213. O halde sakın Allah ile beraber başka tanrıya kulluk edip yalvarma, sonra azap edilenlerden olursun!

Hz. Peygamber’in şahsında, insanlığa hitap edilmektedir. Bak. Kasas 28/86-88.

214. (Önce) en yakın akrabanı uyar

215. Sana uyan müminlere (merhamet) kanadını indir

216. Şayet sana karşı gelirlerse de ki: Ben sizin yaptıklarınızdan muhakkak ki uzağım

217. Sen O mutlak galip ve engin merhamet sahibine güvenip dayan

218. O ki, (gece namaza) kalktığın zaman seni görüyor

219. Secde edenler arasında dolaşmanı da (görüyor).

İbn Abbâs (r.a.)dan gelen rivayete göre «ve tekallübeke fi’s-sâcidîn» kavlinin ifade etmek istediği mana şudur: Allah senin bir peygamberin sulbünden diğer peygamberin sulbüne intikal ede ede nihayet nasıl bir nebî olarak çıktığını görendir.

220. Çünkü her şeyi işiten, her şeyi bilen O’dur

221. Şeytanların ise kime ineceğini size haber vereyim mi?

222. Onlar, günaha, iftiraya düşkün olan herkesin üstüne inerler

223. Bunlar, (şeytanlara) kulak verirler ve onların çoğu yalancıdırlar

224. Şairler(e gelince), onlara da sapıklar uyarlar

225, 226. Onların her vâdide başıboş dolaştıklarını ve gerçekte yapmadıkları şeyleri söylediklerini görmedin mi?

227. Ancak iman edip iyi işler yapanlar, Allah’ı çok çok ananlar ve haksızlığa uğratıldıklarında kendilerini savunanlar başkadır. Haksızlık edenler, hangi dönüşe (hangi akıbete) döndürüleceklerini yakında bileceklerdir.

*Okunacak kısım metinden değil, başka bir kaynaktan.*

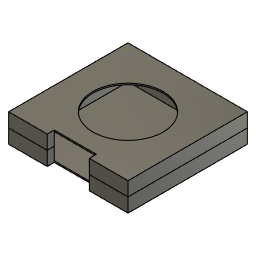
camera case v2 (Autodesk Fusion 360 design; units mm, degrees)
Autodesk Fusion 360 part; units mm, degrees
sketch "Sketch1" plane through (0, 0, 0) normal (0, 1, 0) x (1, 0, 0)
  line L0 (-50, 50) -> (35, 50)
  line L1 (35, 50) -> (35, -35)
  line L2 (35, -35) -> (-50, -35)
  line L3 (-50, -35) -> (-50, 50)
  line L4 (30, -30) -> (-45, -30)
  line L5 (-45, -30) -> (-45, 45)
  line L6 (-45, 45) -> (30, 45)
  line L7 (30, 45) -> (30, -30)
  line L8 (-7.5, -30) -> (2.5, -30)
  line L9 (-7.5, -30) -> (-17.5, -30)
  line L10 (2.5, -30) -> (2.5, -35)
  line L11 (-17.5, -30) -> (-17.5, -35)
  circle A0 centre (-7.5, 7.5) radius 25
  dimension "d1" = 5
  dimension "d6" = 10
  dimension "d7" = 10
  dimension "d13" = 50
  constraint horizontal L0
  constraint vertical L1
  constraint horizontal L2
  constraint vertical L3
  constraint midpoint L4 L8.start
  constraint parallel L4 L8
  constraint parallel L4 L9
  constraint coincident L2 L10.end
  constraint perpendicular L2 L10
  constraint perpendicular L4 L11
  measures "d6" distance of L8.start L8.end
  measures "d7" distance of L8.start L9.end
  measures "d13" diameter of A0
extrude "Extrude1" add sketch "Sketch1" along normal blind 10 contours L0 L1 L2 L3 L4 L5 L6 L7 L10 L11 | L2 L4 L8 L9 L10 L11 makes body 1
extrude "Extrude2" add sketch "Sketch1" along normal blind 1 contours L4 L5 L6 L7 L8 L9 | A0 bodies 1
extrude "Extrude3" cut sketch "Sketch1" along normal blind 10 contours L2 L4 L8 L9 L10 L11 bodies 1
ref_plane "WorkPlane1" through (-7.5, 10, -7.5) normal (0, 1, 0) x (0, 0, 1)
mirror "Mirror1" about plane through (-7.5, 10, -7.5) normal (0, 1, 0) of bodies 1 merged
extrude "Extrude4" cut sketch "Sketch1" along normal blind 10 contours A0 bodies 1
extrude "Extrude5" cut 1 faces at (2.5, 7, 33.3333) along direction (1, 0, 0) blind 5 on bodies 1 bodies 1
extrude "Extrude6" cut 1 faces at (-17.5, 7, 33.3333) along direction (-1, 0, 0) blind 5 on bodies 1 bodies 1
split "Split1" by plane through (-7.5, 10, -7.5) normal (0, 1, 0) bodies 1 makes body 2 at (-12.5, 20, -23.3333)
move_body "Move1" bodies 2 1 to x (-1, 0, 0) y (0, -1, 0) z (0, 0, 1) at (3.7836, 40, 0)
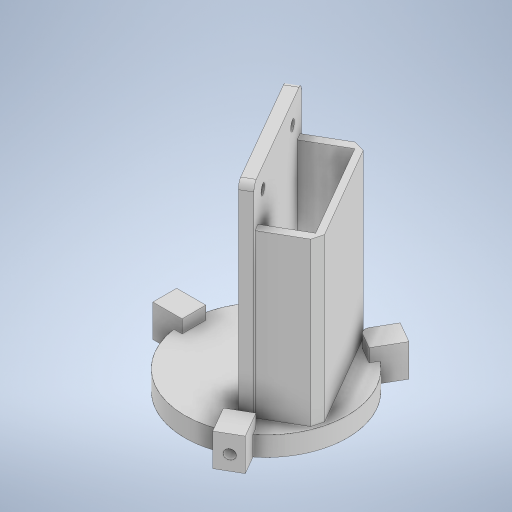
# Autodesk Inventor part: Electronic casing
Saved by Autodesk Inventor 2024 (Build 280153000, 153)
## iProperties
Created: 2024-03-27
Part Number: Electronic casing
Material: Generic
Document SubType Name: Modeling
Designer: auror
Density: 1 g/cm^3
Appearance: Default
Author: auror
Autodesk Inventor part; units mm, degrees
ref_plane "YZ Plane" through (0, 0, 0) normal (1, 0, 0) x (0, 1, 0)
ref_plane "XZ Plane" through (0, 0, 0) normal (0, 1, 0) x (-1, 0, 0)
ref_plane "XY Plane" through (0, 0, 0) normal (0, 0, 1) x (1, 0, 0)
sketch "Sketch9" plane through (0, 0, 0) normal (0, 1, 0) x (-1, 0, 0)
  line L0 (37.6236, 0) -> (-39.3749, 0) construction
  line L1 (0, 0) -> (-26.8726, 46.5447) construction
  line L2 (0, 0) -> (-26.275, -45.5096) construction
  line L3 (31.2294, 3.6686) -> (31.2294, -3.6686)
  line L4 (31.2294, 3.6686) -> (24.7294, 3.6686)
  line L5 (31.2294, -3.6686) -> (24.7294, -3.6686)
  line L6 (0, 0) -> (-18.4784, 42.9064) construction
  line L7 (0, 0) -> (-25.1787, 33.7798) construction
  line L8 (0, 0) -> (31.2294, 3.6686) construction
  line L9 (-12.4376, 28.8797) -> (-18.7918, 25.2111)
  line L10 (-12.4376, 28.8797) -> (-9.1876, 23.2506)
  line L11 (-18.7918, 25.2111) -> (-15.5418, 19.582)
  line L12 (0, 0) -> (-18.2948, -42.48) construction
  line L13 (-18.2948, -42.48) -> (0, 0) construction
  line L14 (0, 0) -> (-26.6993, -35.8199) construction
  line L15 (-18.7918, -25.2111) -> (-12.4376, -28.8797)
  line L16 (-18.7918, -25.2111) -> (-15.5418, -19.582)
  line L17 (-12.4376, -28.8797) -> (-9.1876, -23.2506)
  arc A0 (-15.5418, 19.582) -> (-15.5418, -19.582) centre (0, 0) ccw
  arc A1 (-9.1876, -23.2506) -> (24.7294, -3.6686) centre (0, 0) ccw
  arc A2 (24.7294, 3.6686) -> (-9.1876, 23.2506) centre (0, 0) ccw
  line L18 (0, 0) -> (31.2294, -3.6686) construction
  dimension "d131" = 120
  dimension "d132" = 120
  dimension "d136" = 6.7
  dimension "d137" = 6.7
  dimension "d139" = 6.7
  dimension "d140" = 6.7
  dimension "d220" = 6.5
  dimension "d221" = 6.5
  dimension "d222" = 25
  dimension "d223" = 25
  dimension "d224" = 25
  dimension "d225" = 6.5
  dimension "d227" = 6.5
  dimension "d228" = 6.5
  dimension "d236" = 6.7
  dimension "d237" = 6.7
  constraints: 38 end point, 6 point on circle, 4 perpendicular, 4 point on line, 3 centre point, 3 horizontal, 2 coincident, 1 vertical
  measures "d131" angle of L2 L0
  measures "d132" angle of L1 L0
  measures "d136" angle of L1 L6
  measures "d137" angle of L7 L1
  measures "d139" angle of L2 L12
  measures "d140" angle of L2 L14
  measures "d220" distance of L15.end L17.end
  measures "d221" distance of L9.end L11.end
  measures "d222" radius of A0
  measures "d223" radius of A1
  measures "d224" radius of A2
  measures "d225" distance of L3.end L5.end
  measures "d227" distance of L9.start L10.end
  measures "d228" distance of L15.start L16.end
  measures "d236" angle of L0 L8
  measures "d237" angle of L18 L0
extrude "Extrusion4" add sketch "Sketch9" along normal blind 6
sketch "Sketch10" plane through (18.7918, 0, 25.2111) normal (0.5, 0, 0.8660254) x (0.8660254, 0, -0.5)
  line L0 (0, 0) -> (0, 6) projected
  line L1 (-7.3372, 0) -> (0, 0) projected
  point P0 (-3.6686, 0)
  point P1 (-3.5, 4.5)
  point P2 (0, 3)
  dimension "d143" = 3.5
  dimension "d144" = 4.5
  constraints: 1 midpoint
  measures "d143" horizontal distance of point (0, 3) point (-3.5, 4.5)
  measures "d144" distance from line of L1 point (-3.5, 4.5)
hole "Hole5" at (15.7607, 4.5, 26.9611) direction (-0.5, 0, -0.8660254) diameter 3 depth 8 tip angle 118 counterbore diameter 4 counterbore depth 0
sketch "Sketch11" plane through (12.4376, 0, -28.8797) normal (0.5, 0, -0.8660254) x (-0.8660254, 0, -0.5)
  line L0 (-7.3372, 0) -> (0, 0) projected
  point P0 (-3.6686, 0)
  point P1 (-3.5001, 4.5)
  dimension "d152" = 4.5
  measures "d152" distance from line of L0 point (-3.5, 4.5)
hole "Hole6" at (15.4688, 4.5, -27.1297) direction (-0.5, 0, 0.8660254) diameter 3 depth 8 tip angle 118 counterbore diameter 4 counterbore depth 0
sketch "Sketch12" plane through (-31.2294, 0, -3.6686) normal (-1, 0, 0) x (0, 0, 1)
  line L0 (0, 0) -> (7.3372, 0) projected
  point P0 (3.6686, 0)
  point P1 (3.5, 4.5)
  dimension "d160" = 4.5
  measures "d160" distance from line of L0 point (3.5, 4.5)
hole "Hole7" at (-31.2294, 4.5, -0.1686) direction (1, 0, 0) diameter 3 depth 8 tip angle 118 counterbore diameter 4 counterbore depth 0
sketch "Sketch13" plane through (0, 6, 0) normal (0, 1, 0) x (1, 0, 0)
  line L0 (0, -31.2314) -> (0, 39.2316) construction
  line L1 (11.4285, -21.7947) -> (-13.356, 21.1333) construction
  arc A0 (9.1876, 23.2506) -> (-24.7294, 3.6686) centre (0, 0) ccw construction
  line L2 (8.9539, -17.5087) -> (11.985, -15.7587)
  line L3 (8.9539, -17.5087) -> (-11.0461, 17.1324)
  line L4 (-11.0461, 17.1324) -> (-8.015, 18.8824)
  line L5 (-8.015, 18.8824) -> (11.985, -15.7587)
  dimension "d168" = -30
  dimension "d169" = 1
  dimension "d176" = 40
  dimension "d178" = 3.5
  dimension "d238" = 3.5
  constraints: 12 end point, 2 perpendicular, 2 point on line, 1 collinear, 1 point on circle, 1 vertical
  measures "d168" angle of L0 L1
  measures "d169" distance from line of A0.centre L1
  measures "d176" distance of L3.end L2.start
  measures "d178" distance of L2.start L2.end
  measures "d238" distance of L3.end L4.end
extrude "Extrusion5" add sketch "Sketch13" along normal blind 63
sketch "Sketch14" plane through (0, 6, 0) normal (0, 1, 0) x (1, 0, 0)
  line L0 (11.985, -15.7587) -> (-8.015, 18.8824) projected
  line L1 (-8.015, 18.8824) -> (11.985, -15.7587) projected
  line L2 (1.985, 1.5618) -> (17.122, 10.3012) construction
  line L3 (21.4933, -6.2276) -> (4.9933, 22.3513)
  line L4 (4.9933, 22.3513) -> (-6.265, 15.8513)
  line L5 (21.4933, -6.2276) -> (10.235, -12.7276)
  line L6 (3.2718, 24.1641) -> (98.9629, -140.4088) construction
  line L7 (10.235, -12.7276) -> (26.8444, -3.1382) construction
  line L8 (-6.265, 15.8513) -> (10.0933, 25.2005) construction
  line L9 (22.3158, -8.5884) -> (11.4629, -14.8543)
  line L10 (3.2718, 24.1641) -> (-7.4803, 17.9563)
  line L11 (23.2254, -5.2276) -> (6.6704, 23.2443)
  line L12 (3.2718, 24.1641) -> (6.6704, 23.2443)
  line L13 (23.2254, -5.2276) -> (22.3158, -8.5884)
  point P0 (0, 0)
  point P1 (10.235, -12.7276)
  point P2 (11.4629, -14.8543)
  point P3 (-7.4803, 17.9563)
  point P4 (-6.265, 15.8513)
  dimension "d181" = 13
  dimension "d182" = 13
  dimension "d184" = 20
  dimension "d185" = 16.5
  dimension "d186" = 33
  dimension "d192" = 2.5
  dimension "d193" = 2.5
  dimension "d194" = 2
  dimension "d195" = 1.9
  constraints: 24 end point, 9 point on line, 6 perpendicular, 2 coincident, 1 midpoint, 1 parallel
  measures "d181" distance from line of L0 L3.start
  measures "d182" distance from line of L0 L3.end
  measures "d184" distance of point (11.985, -15.759) L2.start
  measures "d185" distance from line of L2 L3.start
  measures "d186" distance of L3.end L3.start
  measures "d192" distance of L3.start L9.start
  measures "d193" distance of L6.start L3.end
  measures "d194" distance of L3.start L11.start
  measures "d195" distance of L3.end L11.end
extrude "Extrusion6" add sketch "Sketch14" along normal blind 50 contours L0 L5 L3 L4 L10 L12 L11 L13 L9
sketch "Sketch15" plane through (8.9539, 6, 17.5087) normal (-0.8660254, 0, 0.5) x (0.5, 0, 0.8660254)
  line L0 (-40, 63) -> (0, 63) projected
  line L1 (-40, 0) -> (-40, 63) projected
  point P0 (-19.6399, -6)
  point P1 (-32.5, 56.6)
  point P2 (-7.5, 56.6)
  point P3 (-7.5, 11.4)
  point P4 (-32.5, 11.4)
  dimension "d201" = 0
  dimension "d202" = 25
  dimension "d203" = 0
  dimension "d204" = 45.2
  dimension "d205" = 0
  dimension "d206" = 25
  dimension "d209" = 6.4
  dimension "d210" = 7.5
  measures "d201" vertical distance of point (-7.5, 56.6) point (-32.5, 56.6)
  measures "d202" distance of point (-7.5, 56.6) point (-32.5, 56.6)
  measures "d203" horizontal distance of point (-7.5, 11.4) point (-7.5, 56.6)
  measures "d204" distance of point (-7.5, 56.6) point (-7.5, 11.4)
  measures "d205" vertical distance of point (-32.5, 11.4) point (-7.5, 11.4)
  measures "d206" distance of point (-7.5, 11.4) point (-32.5, 11.4)
  measures "d209" distance from line of L0 point (-32.5, 56.6)
  measures "d210" distance from line of L1 point (-32.5, 56.6)
hole "Hole8" at (-7.2961, 62.6, -10.6372) at (5.2039, 62.6, 11.0135) at (5.2039, 17.4, 11.0135) at (-7.2961, 17.4, -10.6372) direction (0.8660254, 0, -0.5) diameter 3 depth 15 tip angle 118 counterbore diameter 4 counterbore depth 0
fillet "Fillet3" radius 2 1 edges at (-9.5305, 69, -18.0074)
fillet "Fillet4" radius 2 1 edges at (10.4695, 69, 16.6337)
sketch "Sketch16" plane through (0, 6, 0) normal (0, 1, 0) x (1, 0, 0)
  line L0 (12.4376, -28.8797) -> (18.7918, -25.2111)
  line L1 (12.4376, -28.8797) -> (7.9376, -21.0855)
  line L2 (7.9376, -21.0855) -> (14.2918, -17.4169)
  line L3 (14.2918, -17.4169) -> (18.7918, -25.2111)
  line L4 (18.7918, -25.2111) -> (15.5418, -19.582) projected
  point P0 (0, 0)
  dimension "d231" = 180
  dimension "d232" = 0
  dimension "d240" = 9
  constraints: 8 end point, 2 perpendicular
  measures "d231" angle of L4 L3
  measures "d232" distance of L0.end L3.end
  measures "d240" distance of L0.start L1.end
extrude "Extrusion7" add sketch "Sketch16" along normal blind 4
pattern_circular "Circular Pattern1" count 3 over 360 about axis through (0, -10, 0) along (0, 1, 0) of "Extrusion7"
fillet "Fillet5" radius 2 1 edges at (7.9376, 8, -21.0855)
body "Solid2"

Sahih hadis kitaplarında yer alan birçok hadisten de anlaşıldığı üzere, kötülüğü ifade etmeyen ve iyi maksatla kullanılan şiir, yukarıda kötülenen şiirden istisna edilmiştir. Nitekim ashâb-ı kiram arasında Resûl-i Ekrem’in takdirlerini kazanmış birçok şairler bulunmaktaydı. Meselâ Hz. Peygamber’in, Hassân bin Sabit’e, «Müşrikleri (şiirlerinle) hicvet, bil ki muhakkak Cebrail de seninle beraberdir» buyurduğu rivayet olunmuştur.